Posted on:2004-06-19Degree:Ph.DType:Dissertation
University:Vanderbilt UniversityCandidate:Lawson, Rob AlanFull Text:PDF
GTID:1465390011977697Subject:American history
Abstract/Summary:
The dissertation opens with a question about human oppression: How do people respond to sustained discrimination and exploitation? Here, the subject is African American southerners and their music during the age of Jim Crow (1890--1945). My main premise is that black southerners from the lower Mississippi Valley created blues music as part of their larger cultural response to white supremacy as it developed in the twentieth century.
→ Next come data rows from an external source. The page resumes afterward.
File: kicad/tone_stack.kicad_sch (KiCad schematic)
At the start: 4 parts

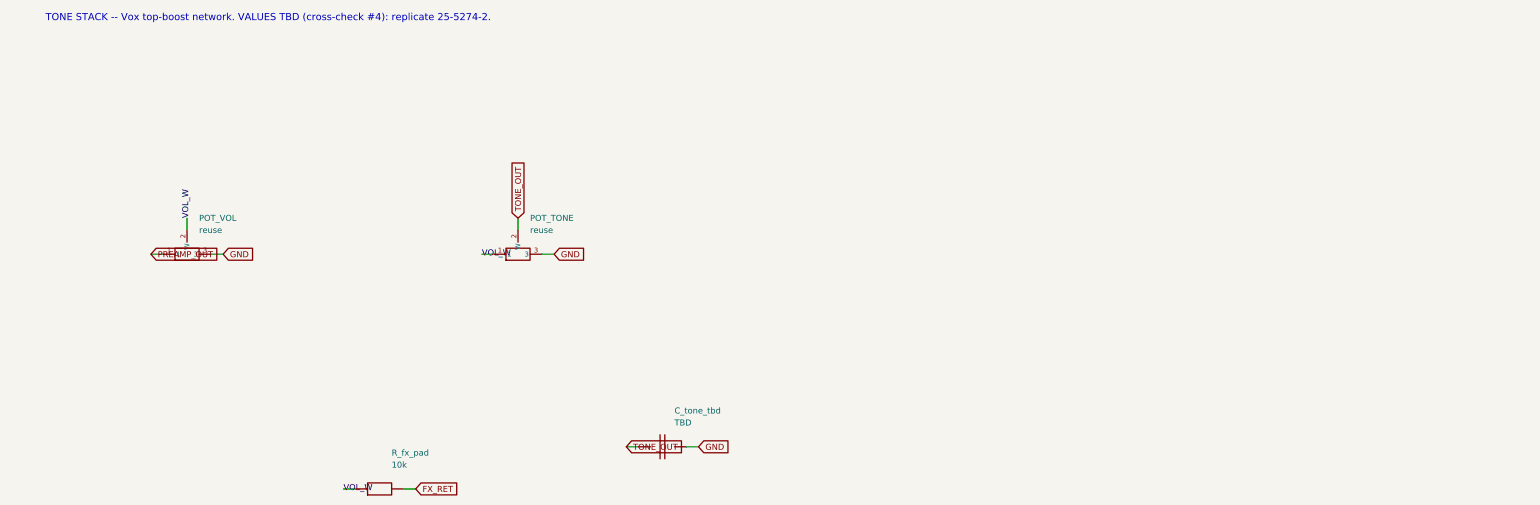
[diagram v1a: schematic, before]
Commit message: Design + verify the tone stack (Vox treble-cut substitute)
The tone sheet was a TBD placeholder (original 25-5274-2 values never recovered).
Replaced with a working passive Vox-style control: Volume pot + a treble "cut"
(C_cut 10nF + POT_TONE 100k to ground). Verified in spice/ac_tonestack.cir:
flat at bright (-1.6 dB, just insertion loss), musical treble cut at the dark end
(-9 dB @ 5 kHz, -14 dB @ 10 kHz). Clearly flagged as a designed substitute (the
original panel may have had separate Treble/Bass) in the sheet note, cross-check
#4, and spice/README.

All 7 ngspice blocks now pass (added ac_tonestack.cir). ERC 0, demo DRC 0, BOM
regenerated from the schematic (no TBD rows left).

https://claude.ai/code/session_01PkrfUi9tvZfLvudJ7h23qD
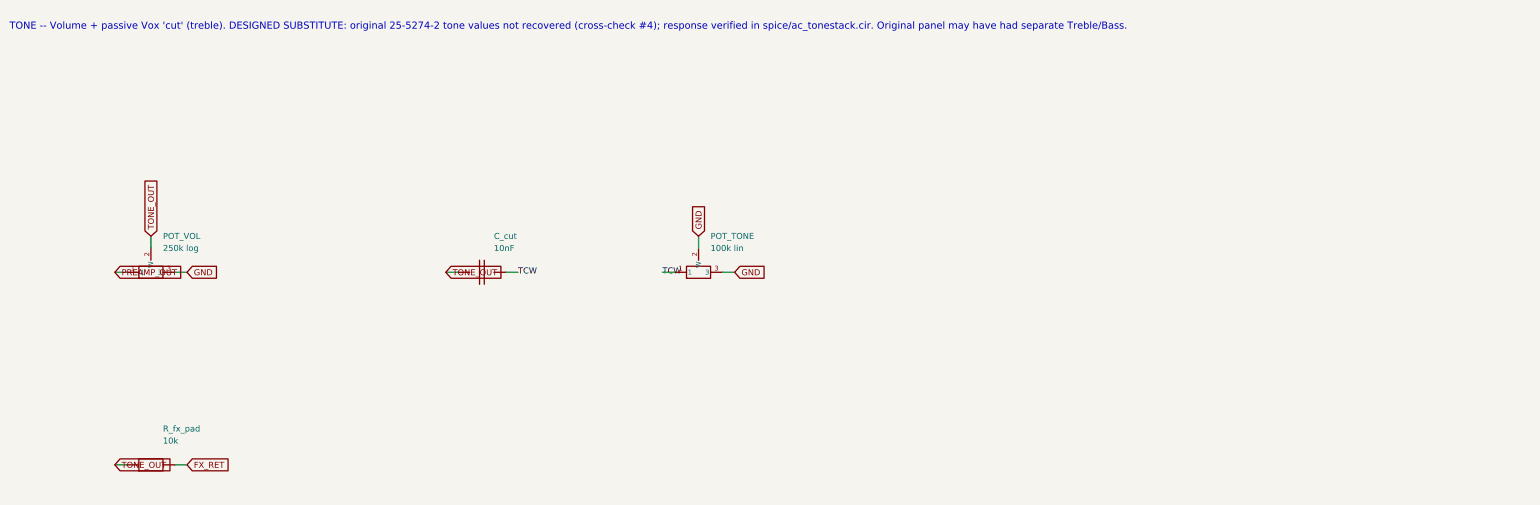
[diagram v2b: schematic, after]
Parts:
- removed C_tone_tbd: TBD, Capacitor_THT:C_Disc_D7.5mm_W2.5mm_P5.00mm, symbol cr_primitives:C
- added C_cut: 10nF, Capacitor_THT:C_Disc_D7.5mm_W2.5mm_P5.00mm, symbol cr_primitives:C
- POT_TONE: value reuse -> 100k lin
- POT_VOL: value reuse -> 250k log
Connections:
- net GND: now also POT_TONE.2 (W)
- net TONE_OUT: now also POT_VOL.2 (W), R_fx_pad.1, C_cut.1; no longer POT_TONE.2 (W)
- removed net VOL_W: POT_TONE.1, POT_VOL.2 (W), R_fx_pad.1
- new net TCW: C_cut.2, POT_TONE.1
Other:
- note added: "TONE -- Volume + passive Vox 'cut' (treble). DESIGNED SUBSTITUTE: original 25-5274-2 tone values not recovered (cross-check #4); response verified in spice/ac_tonestack.cir. Original panel may have had separate Treble/Bass."
- note removed: "TONE STACK -- Vox top-boost network. VALUES TBD (cross-check #4): replicate 25-5274-2."

I consider the ways in which blues music was both accommodation and resistance to Jim Crow.;The bluesmen's rejection of Jim Crow took many forms as a counterculture . They avoided plantation labor and other exploitive economic relationships in the South. They emphasized the dark and mischievous aspects of Afro-American synthesized Christianity. They openly used and abused a variety of narcotics, most often alcohol, and celebrated sexuality and sexual pleasure. In living this "blues life," black musicians served as negative examples of proper conduct in the eyes of both white southerners and African Americans that preferred a more assimilationist approach to overcoming Jim Crow.;However, all black Americans did not remain bound to sharecropping in the plantation South. The Great Migration, two World Wars, the Great Depression and the New Deal all wrought major changes that reshaped the face of African-Americana. In the social crucible of the New Deal and World War II, African Americans began to express---through their music---that remaining countercultural to Jim Crow now included social assimilation into mainstream America. Blues artists during FDR's time carried out a far different rejection of Jim Crow than they had two decades before. Instead of reinforcing the exclusionary practices of segregation, black southerners began to include themselves in the collective American identity. By taking part in the war effort and experiencing patriotism on both the individual and collective level, African Americans claimed for themselves that which Jim Crow society so effectively had denied them: citizenship.